Now to be clear, I have no issue with an actor or actress or comedian holding conservative views. In a 2004 interview, Mike Nelson of Mystery Science Theater 3000 fame admitted that he reads the National Review “cover to cover” and believes the Democratic Party is “bent on turning this into Silly America.”

Clint Eastwood is a Republican who lectured an imaginary President Obama during the 2012 Republican National Convention. And I certainly don’t always agree with the politics of South Park creators Matt Stone and Trey Parker.

However, there is a line that must be drawn somewhere, and, for me, Jon Jafari’s recent statements defending outspoken white nationalists and their arguments have crossed it. During a January 27, 2017 livestream with YouTube philosopher/stupid person’s idea of a smart person Sargon of Akkad, Jon complained about the number one problem plaguing the far-right: anti-white racism.

Jon said:

I’ll say, this anti-white kind of thing, it started — I used to even refrain from saying anti-white, because I thought it was really explicit, but oh my god, for fuck’s sake, it’s just so obvious now. So this anti-white thing, it started back even in the 90s when I was growing up in California. You know, very subtle, with just a bit of anti-Americanism. You know my history teacher taught us not to do the pledge of allegiance. Just like subtle — just a strip a little bit of patriotism here, a little patriotism there. And then also history books just teach you everything bad that white people did. But now they’ve gone from just an implicit, sort of, white badness to just “White people need to be shut down.”

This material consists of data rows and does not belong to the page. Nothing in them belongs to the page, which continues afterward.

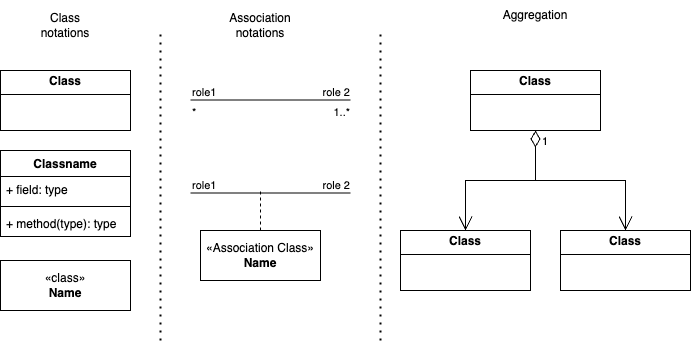

The diagram above was exported from draw.io. Its source (the exported page's mxGraphModel, read from the mxfile embedded in the PNG):
<mxGraphModel dx="1106" dy="774" grid="1" gridSize="10" guides="1" tooltips="1" connect="1" arrows="1" fold="1" page="1" pageScale="1" pageWidth="827" pageHeight="1169" math="0" shadow="0">
  <root>
    <mxCell id="0" />
    <mxCell id="1" parent="0" />
    <mxCell id="2" value="" style="endArrow=none;html=1;edgeStyle=orthogonalEdgeStyle;rounded=0;" edge="1" parent="1">
      <mxGeometry relative="1" as="geometry">
        <mxPoint x="270" y="189.5" as="sourcePoint" />
        <mxPoint x="430" y="189.5" as="targetPoint" />
      </mxGeometry>
    </mxCell>
    <mxCell id="3" value="role1" style="edgeLabel;resizable=0;html=1;align=left;verticalAlign=bottom;" connectable="0" vertex="1" parent="2">
      <mxGeometry x="-1" relative="1" as="geometry" />
    </mxCell>
    <mxCell id="4" value="role 2" style="edgeLabel;resizable=0;html=1;align=right;verticalAlign=bottom;" connectable="0" vertex="1" parent="2">
      <mxGeometry x="1" relative="1" as="geometry" />
    </mxCell>
    <mxCell id="5" value="Classname" style="swimlane;fontStyle=1;align=center;verticalAlign=top;childLayout=stackLayout;horizontal=1;startSize=26;horizontalStack=0;resizeParent=1;resizeParentMax=0;resizeLast=0;collapsible=1;marginBottom=0;whiteSpace=wrap;html=1;" vertex="1" parent="1">
      <mxGeometry x="80" y="240" width="130" height="86" as="geometry" />
    </mxCell>
    <mxCell id="6" value="+ field: type" style="text;strokeColor=none;fillColor=none;align=left;verticalAlign=top;spacingLeft=4;spacingRight=4;overflow=hidden;rotatable=0;points=[[0,0.5],[1,0.5]];portConstraint=eastwest;whiteSpace=wrap;html=1;" vertex="1" parent="5">
      <mxGeometry y="26" width="130" height="26" as="geometry" />
    </mxCell>
    <mxCell id="7" value="" style="line;strokeWidth=1;fillColor=none;align=left;verticalAlign=middle;spacingTop=-1;spacingLeft=3;spacingRight=3;rotatable=0;labelPosition=right;points=[];portConstraint=eastwest;strokeColor=inherit;" vertex="1" parent="5">
      <mxGeometry y="52" width="130" height="8" as="geometry" />
    </mxCell>
    <mxCell id="8" value="+ method(type): type" style="text;strokeColor=none;fillColor=none;align=left;verticalAlign=top;spacingLeft=4;spacingRight=4;overflow=hidden;rotatable=0;points=[[0,0.5],[1,0.5]];portConstraint=eastwest;whiteSpace=wrap;html=1;" vertex="1" parent="5">
      <mxGeometry y="60" width="130" height="26" as="geometry" />
    </mxCell>
    <mxCell id="9" value="&lt;p style=&quot;margin:0px;margin-top:4px;text-align:center;&quot;&gt;&lt;b&gt;Class&lt;/b&gt;&lt;/p&gt;&lt;hr size=&quot;1&quot; style=&quot;border-style:solid;&quot;/&gt;&lt;div style=&quot;height:2px;&quot;&gt;&lt;/div&gt;" style="verticalAlign=top;align=left;overflow=fill;html=1;whiteSpace=wrap;" vertex="1" parent="1">
      <mxGeometry x="80" y="160" width="130" height="60" as="geometry" />
    </mxCell>
    <mxCell id="10" value="«class»&lt;br&gt;&lt;b&gt;Name&lt;/b&gt;" style="html=1;whiteSpace=wrap;" vertex="1" parent="1">
      <mxGeometry x="80" y="350" width="130" height="50" as="geometry" />
    </mxCell>
    <mxCell id="11" value="" style="endArrow=none;html=1;edgeStyle=orthogonalEdgeStyle;rounded=0;" edge="1" parent="1">
      <mxGeometry relative="1" as="geometry">
        <mxPoint x="270" y="282.5" as="sourcePoint" />
        <mxPoint x="430" y="282.5" as="targetPoint" />
      </mxGeometry>
    </mxCell>
    <mxCell id="12" value="role1" style="edgeLabel;resizable=0;html=1;align=left;verticalAlign=bottom;" connectable="0" vertex="1" parent="11">
      <mxGeometry x="-1" relative="1" as="geometry" />
    </mxCell>
    <mxCell id="13" value="role 2" style="edgeLabel;resizable=0;html=1;align=right;verticalAlign=bottom;" connectable="0" vertex="1" parent="11">
      <mxGeometry x="1" relative="1" as="geometry" />
    </mxCell>
    <mxCell id="14" value="«Association Class»&lt;br&gt;&lt;b&gt;Name&lt;/b&gt;" style="html=1;whiteSpace=wrap;" vertex="1" parent="1">
      <mxGeometry x="280" y="320" width="120" height="50" as="geometry" />
    </mxCell>
    <mxCell id="15" value="" style="endArrow=none;dashed=1;html=1;rounded=0;" edge="1" source="14" parent="1">
      <mxGeometry width="50" height="50" relative="1" as="geometry">
        <mxPoint x="390" y="430" as="sourcePoint" />
        <mxPoint x="340" y="280" as="targetPoint" />
      </mxGeometry>
    </mxCell>
    <mxCell id="16" value="*" style="edgeLabel;resizable=0;html=1;align=left;verticalAlign=bottom;" connectable="0" vertex="1" parent="1">
      <mxGeometry x="270" y="210" as="geometry" />
    </mxCell>
    <mxCell id="17" value="1..*" style="edgeLabel;resizable=0;html=1;align=right;verticalAlign=bottom;" connectable="0" vertex="1" parent="1">
      <mxGeometry x="430" y="210" as="geometry" />
    </mxCell>
    <mxCell id="18" value="" style="endArrow=none;dashed=1;html=1;dashPattern=1 3;strokeWidth=2;rounded=0;" edge="1" parent="1">
      <mxGeometry width="50" height="50" relative="1" as="geometry">
        <mxPoint x="240" y="430" as="sourcePoint" />
        <mxPoint x="240" y="120" as="targetPoint" />
      </mxGeometry>
    </mxCell>
    <mxCell id="19" value="Class notations" style="text;html=1;align=center;verticalAlign=middle;whiteSpace=wrap;rounded=0;" vertex="1" parent="1">
      <mxGeometry x="115" y="100" width="60" height="30" as="geometry" />
    </mxCell>
    <mxCell id="20" value="Association notations" style="text;html=1;align=center;verticalAlign=middle;whiteSpace=wrap;rounded=0;" vertex="1" parent="1">
      <mxGeometry x="310" y="100" width="60" height="30" as="geometry" />
    </mxCell>
    <mxCell id="21" value="" style="endArrow=none;dashed=1;html=1;dashPattern=1 3;strokeWidth=2;rounded=0;" edge="1" parent="1">
      <mxGeometry width="50" height="50" relative="1" as="geometry">
        <mxPoint x="460" y="430" as="sourcePoint" />
        <mxPoint x="460" y="120" as="targetPoint" />
      </mxGeometry>
    </mxCell>
    <mxCell id="22" value="Aggregation" style="text;html=1;align=center;verticalAlign=middle;whiteSpace=wrap;rounded=0;" vertex="1" parent="1">
      <mxGeometry x="585" y="90" width="60" height="30" as="geometry" />
    </mxCell>
    <mxCell id="23" value="&lt;p style=&quot;margin:0px;margin-top:4px;text-align:center;&quot;&gt;&lt;b&gt;Class&lt;/b&gt;&lt;/p&gt;&lt;hr size=&quot;1&quot; style=&quot;border-style:solid;&quot;/&gt;&lt;div style=&quot;height:2px;&quot;&gt;&lt;/div&gt;" style="verticalAlign=top;align=left;overflow=fill;html=1;whiteSpace=wrap;" vertex="1" parent="1">
      <mxGeometry x="550" y="160" width="130" height="60" as="geometry" />
    </mxCell>
    <mxCell id="24" value="&lt;p style=&quot;margin:0px;margin-top:4px;text-align:center;&quot;&gt;&lt;b&gt;Class&lt;/b&gt;&lt;/p&gt;&lt;hr size=&quot;1&quot; style=&quot;border-style:solid;&quot;/&gt;&lt;div style=&quot;height:2px;&quot;&gt;&lt;/div&gt;" style="verticalAlign=top;align=left;overflow=fill;html=1;whiteSpace=wrap;" vertex="1" parent="1">
      <mxGeometry x="480" y="320" width="130" height="60" as="geometry" />
    </mxCell>
    <mxCell id="25" value="&lt;p style=&quot;margin:0px;margin-top:4px;text-align:center;&quot;&gt;&lt;b&gt;Class&lt;/b&gt;&lt;/p&gt;&lt;hr size=&quot;1&quot; style=&quot;border-style:solid;&quot;/&gt;&lt;div style=&quot;height:2px;&quot;&gt;&lt;/div&gt;" style="verticalAlign=top;align=left;overflow=fill;html=1;whiteSpace=wrap;" vertex="1" parent="1">
      <mxGeometry x="640" y="320" width="130" height="60" as="geometry" />
    </mxCell>
    <mxCell id="26" value="1" style="endArrow=open;html=1;endSize=12;startArrow=diamondThin;startSize=14;startFill=0;edgeStyle=orthogonalEdgeStyle;align=left;verticalAlign=bottom;rounded=0;exitX=0.5;exitY=1;exitDx=0;exitDy=0;entryX=0.5;entryY=0;entryDx=0;entryDy=0;" edge="1" source="23" target="25" parent="1">
      <mxGeometry x="-0.7647" y="5" relative="1" as="geometry">
        <mxPoint x="600" y="230" as="sourcePoint" />
        <mxPoint x="490" y="400" as="targetPoint" />
        <mxPoint as="offset" />
      </mxGeometry>
    </mxCell>
    <mxCell id="27" value="1" style="endArrow=open;html=1;endSize=12;startArrow=diamondThin;startSize=14;startFill=0;edgeStyle=orthogonalEdgeStyle;align=left;verticalAlign=bottom;rounded=0;entryX=0.5;entryY=0;entryDx=0;entryDy=0;exitX=0.5;exitY=1;exitDx=0;exitDy=0;" edge="1" source="23" target="24" parent="1">
      <mxGeometry x="-0.7647" y="5" relative="1" as="geometry">
        <mxPoint x="610" y="220" as="sourcePoint" />
        <mxPoint x="715" y="330" as="targetPoint" />
        <mxPoint as="offset" />
      </mxGeometry>
    </mxCell>
  </root>
</mxGraphModel>

Sargon, of course, seemed to conflate concepts such as “white privilege” and “institutional racism” with anti-Semitic conspiracy theories. “It’s literally like saying the Jews did it,” claimed Sargon. “Oh it is!” Jon exclaimed, adding that it “is that similar strawman: ‘The Jews this, the Jews that.’ It’s like ‘The white man this, the white man that.'”

Later in the livestream, they discussed forthcoming elections in France, the Netherlands, and Germany. Jon declared his support for racist and authoritarian politicians, stating that “hopefully” Marine Le Pen and Geert Wilders will “win” their respective elections.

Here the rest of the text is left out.